Updated: Nov 22, 2021

I don’t think it’s controversial to state that 2020 was an awful and challenging year for most of us. According to ONS data, rates of moderate to severe depression nearly doubled between July 2019 and November 2020. Not only this, but only 9% of those polled rated the year as good or great. Despite high hopes 2021 has got off to a rocky start too; we are in a lock-down (again), parents are homeschooling (again), and many people are worn down and worn out.

For many of us this has left us feeling overburdened and chronically stressed. This chronic stress can mean our healthy habits become harder to maintain. They can become replaced with less helpful coping strategies. This may include drinking more alcohol (If this is you here is a blog we prepared earlier) and eating ever increasing amounts of junk food. In fact environments which are perceived as chronically stressful have been associated with a stronger desire for food which are high in fat and sugar. So, if you have found yourself eating biscuits for lunch and pizza for dinner, it’s your brain’s fault! Unfortunately, chronic stress can also result in changes which leave us more prone to mental and physical ill health. This is why trying to eat in a way that supports our brain is protective to our physical and mental health in the long run, despite where autopilot might want to take us.

But what does ‘eating for our brain’ look like? And how can we make those changes?

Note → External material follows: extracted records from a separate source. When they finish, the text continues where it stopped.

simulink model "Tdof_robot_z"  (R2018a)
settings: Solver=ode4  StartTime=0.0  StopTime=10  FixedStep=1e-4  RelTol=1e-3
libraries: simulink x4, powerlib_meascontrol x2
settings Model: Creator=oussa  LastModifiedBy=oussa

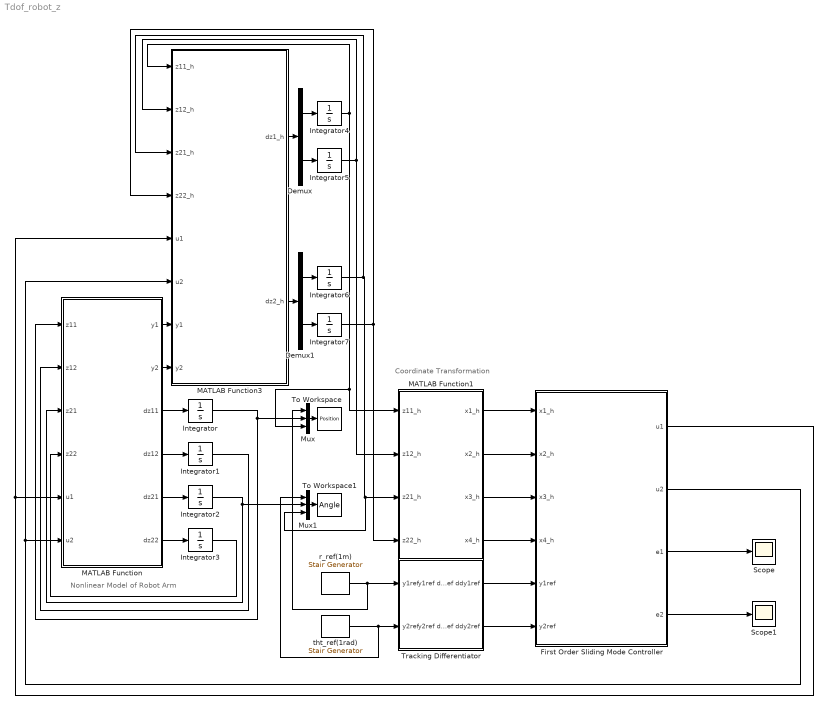
== system Tdof_robot_z ==
  note: Coordinate Transformation
  note: Nonlinear Model of Robot Arm
  Demux : Demux  Outputs=2
  Demux1 : Demux  Outputs=2
  First Order Sliding Mode Controller : MATLAB Function  TreatAsAtomicUnit=on
  Integrator : Integrator  InitialCondition=0.01
  Integrator1 : Integrator
  Integrator2 : Integrator
  Integrator3 : Integrator
  Integrator4 : Integrator  InitialCondition=0.3
  Integrator5 : Integrator  InitialCondition=0.01
  Integrator6 : Integrator  InitialCondition=0.4
  Integrator7 : Integrator  InitialCondition=0.01
  MATLAB Function : MATLAB Function  TreatAsAtomicUnit=on
  MATLAB Function1 : MATLAB Function  TreatAsAtomicUnit=on
  MATLAB Function3 : MATLAB Function  TreatAsAtomicUnit=on
  Mux : Mux  Inputs=3
  Mux1 : Mux  Inputs=3
  Scope : Scope
  Scope1 : Scope
  To Workspace : ToWorkspace  VariableName=Position  SampleTime=-1
  To Workspace1 : ToWorkspace  VariableName=Angle  SampleTime=-1
  Tracking Differentiator : Subsystem
  r_ref(1m) : powerlib_meascontrol/Pulse & Signal Generators/Stair Generator  t=[0, 1, 3, 6, 10]  e=[1, 0.5, 2.5, 2,1]  Ts=0
      settings: SourceProductName=Simscape Power Systems
  tht_ref(1rad) : powerlib_meascontrol/Pulse & Signal Generators/Stair Generator  t=[0, 2, 5, 8, 10]  e=[1, 1.5, 0.8, 1.7, 2]  Ts=0
      settings: SourceProductName=Simscape Power Systems
  wires:
  MATLAB Function/4(dz12) -> Integrator1/1
  MATLAB Function/5(dz21) -> Integrator2/1
  MATLAB Function/6(dz22) -> Integrator3/1
  Tracking Differentiator/1(y1ref dy1ref ddy1ref) -> First Order Sliding Mode Controller/5(y1ref)
  Tracking Differentiator/2(y2ref dy2ref ddy2ref) -> First Order Sliding Mode Controller/6(y2ref)
  MATLAB Function/1(y1) -> MATLAB Function3/7(y1)
  MATLAB Function/2(y2) -> MATLAB Function3/8(y2)
  MATLAB Function/3(dz11) -> Integrator/1
  Integrator1/1 -> MATLAB Function/2(z12)
  Integrator2/1 -> Mux1/2, MATLAB Function/3(z21)
  Integrator3/1 -> MATLAB Function/4(z22)
  First Order Sliding Mode Controller/3(e1) -> Scope/1
  First Order Sliding Mode Controller/4(e2) -> Scope1/1
  MATLAB Function1/1(x1_h) -> First Order Sliding Mode Controller/1(x1_h)
  MATLAB Function1/2(x2_h) -> First Order Sliding Mode Controller/2(x2_h)
  MATLAB Function1/3(x3_h) -> First Order Sliding Mode Controller/3(x3_h)
  MATLAB Function1/4(x4_h) -> First Order Sliding Mode Controller/4(x4_h)
  Integrator4/1 -> MATLAB Function3/1(z11_h), Mux/3, MATLAB Function1/1(z11_h)
  Integrator5/1 -> MATLAB Function1/2(z12_h), MATLAB Function3/2(z12_h)
  Integrator6/1 -> Mux1/3, MATLAB Function1/3(z21_h), MATLAB Function3/3(z21_h)
  Integrator7/1 -> MATLAB Function1/4(z22_h), MATLAB Function3/4(z22_h)
  MATLAB Function3/1(dz1_h) -> Demux/1
  Demux/1 -> Integrator4/1
  Demux/2 -> Integrator5/1
  MATLAB Function3/2(dz2_h) -> Demux1/1
  Demux1/1 -> Integrator6/1
  Demux1/2 -> Integrator7/1
  First Order Sliding Mode Controller/2(u2) -> MATLAB Function/6(u2), MATLAB Function3/6(u2)
  First Order Sliding Mode Controller/1(u1) -> MATLAB Function3/5(u1), MATLAB Function/5(u1)
  tht_ref(1rad)/1 -> Mux1/1, Tracking Differentiator/2(y2ref)
  Integrator/1 -> MATLAB Function/1(z11), Mux/2
  r_ref(1m)/1 -> Mux/1, Tracking Differentiator/1(y1ref)
  Mux/1 -> To Workspace/1
  Mux1/1 -> To Workspace1/1

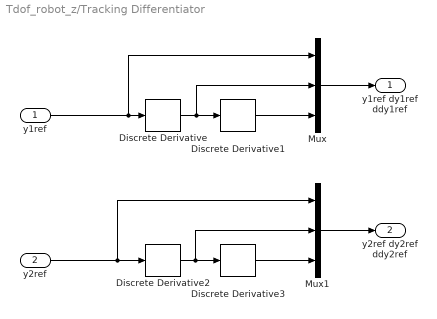
== system Tdof_robot_z/Tracking Differentiator ==
  y1ref : Inport
  y2ref : Inport  Port=2
  Discrete Derivative{,1..3} (4 alike) : simulink/Discrete/Discrete Derivative  gainval=eps  ICPrevScaledInput=0.0  OutMin=[]  OutMax=[]  OutDataType=fixdt(1, 16)  OutScaling=2^-10  DoSatur=off
  Mux : Mux  Inputs=3
  Mux1 : Mux  Inputs=3
  y1ref dy1ref ddy1ref : Outport
  y2ref dy2ref ddy2ref : Outport  Port=2
  wires:
  Discrete Derivative/1 -> Mux/2, Discrete Derivative1/1
  y1ref/1 -> Mux/1, Discrete Derivative/1
  Discrete Derivative2/1 -> Mux1/2, Discrete Derivative3/1
  y2ref/1 -> Mux1/1, Discrete Derivative2/1
  Discrete Derivative1/1 -> Mux/3
  Mux/1 -> y1ref dy1ref ddy1ref/1
  Discrete Derivative3/1 -> Mux1/3
  Mux1/1 -> y2ref dy2ref ddy2ref/1

== matlab function Tdof_robot_z/MATLAB Function1 ==
  data: z11_h input; x1_h output; z12_h input; z21_h input; z22_h input; x2_h output; x3_h output; x4_h output
function [x1_h,x2_h,x3_h,x4_h] = CTI(z11_h,z12_h,z21_h,z22_h)

x1_h = z11_h;
x2_h = z12_h;
x3_h = z21_h;
x4_h = z22_h;

== matlab function Tdof_robot_z/MATLAB Function ==
  data: y1 output; y2 output; z11 input; dz11 output; z12 input; z21 input; z22 input; u1 input; u2 input; dz12 output; dz21 output; dz22 output
function [y1,y2,dz11,dz12,dz21,dz22] = Tdof_robot_z(z11,z12,z21,z22,u1,u2)
g = 9.8; m = 1;
phi1 = [0;z11*z22^2-g*sin(z21)+u1/m];
phi2 = [0;1/z11^2*(-2*z11*z12*z22-g*z11*cos(z21)+u2/m)];

A1 = [0 1;0 0];
C1 = [1 0];
z1 = [z11;z12];
dz1 = A1*z1+phi1;
y1 = C1*z1;

A2 = [0 1;0 0];
C2 = [1 0];
z2 = [z21;z22];
dz2 = A2*z2+phi2;
y2 = C2*z2;

dz11 = dz1(1);
dz12 = dz1(2);
dz21 = dz2(1);
dz22 = dz2(2);
end

== matlab function Tdof_robot_z/First Order Sliding Mode Controller ==
  data: x1_h input; u1 output; x2_h input; x3_h input; x4_h input; y1ref input size=3; y2ref input size=3; u2 output; e1 output; e2 output
function [u1,u2,e1,e2] = FOSMC(x1_h,x2_h,x3_h,x4_h,y1ref,y2ref)
%% Manipulator Mass and Gravity
m = 1; g = 9.8;
%% Attractivity and Stability constants for sliding surface
k1 = 20; k2 = 20;
lambda1 = 20; lambda2 = 20;
y1 = x1_h;
y2 = x3_h;
dy1 = x2_h;
dy2 = x4_h;
dy1ref = y1ref(2);
dy2ref = y2ref(2);
ddy1ref = y1ref(3);
ddy2ref = y2ref(3);
%% Errors and their derivatives
e1 = y1-y1ref(1);
e2 = y2-y2ref(1);
de1 = dy1-dy1ref;
de2 = dy2-dy2ref;
%% Sliding surfaces
s1 = de1+lambda1*e1;
s2 = de2+lambda2*e2;
%% Control law : u = ueq+udisc
u1 = m*(-x1_h*x4_h^2+g*sin(x3_h)+ddy1ref-lambda1*de1-k1*sign(s1));
u2 = m*x1_h^2*(1/x1_h*(2*x2_h*x4_h+g*cos(x3_h))-lambda2*de2+ddy2ref-k2*sign(s2));
end

== matlab function Tdof_robot_z/MATLAB Function3 ==
  data: dz1_h output size=2; z11_h input; z12_h input; z21_h input; z22_h input; u1 input; u2 input; y1 input; y2 input; dz2_h output size=2
function [dz1_h, dz2_h] = High_gain_observer(z11_h,z12_h,z21_h,z22_h,u1,u2,y1,y2)
g = 9.8; m = 1;
phi1_h = [0;z11_h*z22_h^2-g*sin(z21_h)+u1/m];
phi2_h = [0;1/z11_h^2*(-2*z11_h*z12_h*z22_h-g*z11_h*cos(z21_h)+u2/m)];
teta = 10;
S1 = zeros(length(phi1_h),length(phi1_h));
S2 = zeros(length(phi2_h),length(phi2_h));
for i=1:length(phi1_h)
    for j=1:length(phi2_h)
        C = factorial(i+j-2)/(factorial(i+j-2-(j-1))*factorial(j-1));
        S1(i,j) = (-1)^(i+j)*C/(teta^(i+j-1));
        S2(i,j) = (-1)^(i+j)*C/(teta^(i+j-1));
    end
end
A1 = [0 1;0 0];
C1 = [1 0];
A2 = A1;
C2 = C1;
dz1_h = A1*[z11_h;z12_h]+phi1_h-inv(S1)*C1'*(C1*[z11_h;z12_h]-y1);
dz2_h = A2*[z21_h;z22_h]+phi2_h-inv(S2)*C2'*(C2*[z21_h;z22_h]-y2);

end

When thinking about diet, there is optimum, which is pretty person specific and often quite stressful to maintain without a team of dietitians on hand. However what is a ‘good enough’ diet for everyone to be aiming for is pretty clear and probably not that surprising to most of you. It includes a focus on whole, unprocessed foods like vegetables, lean proteins, unsaturated fat from plants or fish (olive oil, oily fish) and wholegrain cereals. Why these? Because diets that focus on these things are the most strongly associated with good brain health and longevity. In fact a diet high in vitamins, minerals and antioxidants protects the brain from oxidative stress.

Given the rising incidents of depression, one particularly interesting study showed that a change in diet towards the above types of foods resulted in an improvement of depressive symptoms. In this study the participants weren’t asked to adhere to a perfect diet, nor weigh or measure things. Instead they were asked to base their dietary choices around a set of tips and suggestions . This is not to say that changes in diet will alleviate depression in all people, all of the time. But attending to what we eat, can be part of the toolbox we turn to when working to look after our mental health.

For many of us, the suggestion that we should eat more whole foods is no big shock. A lot of the time we are aware of the things we want to do for our health, but struggle to stick to the changes. Right now this might feel particularly difficult.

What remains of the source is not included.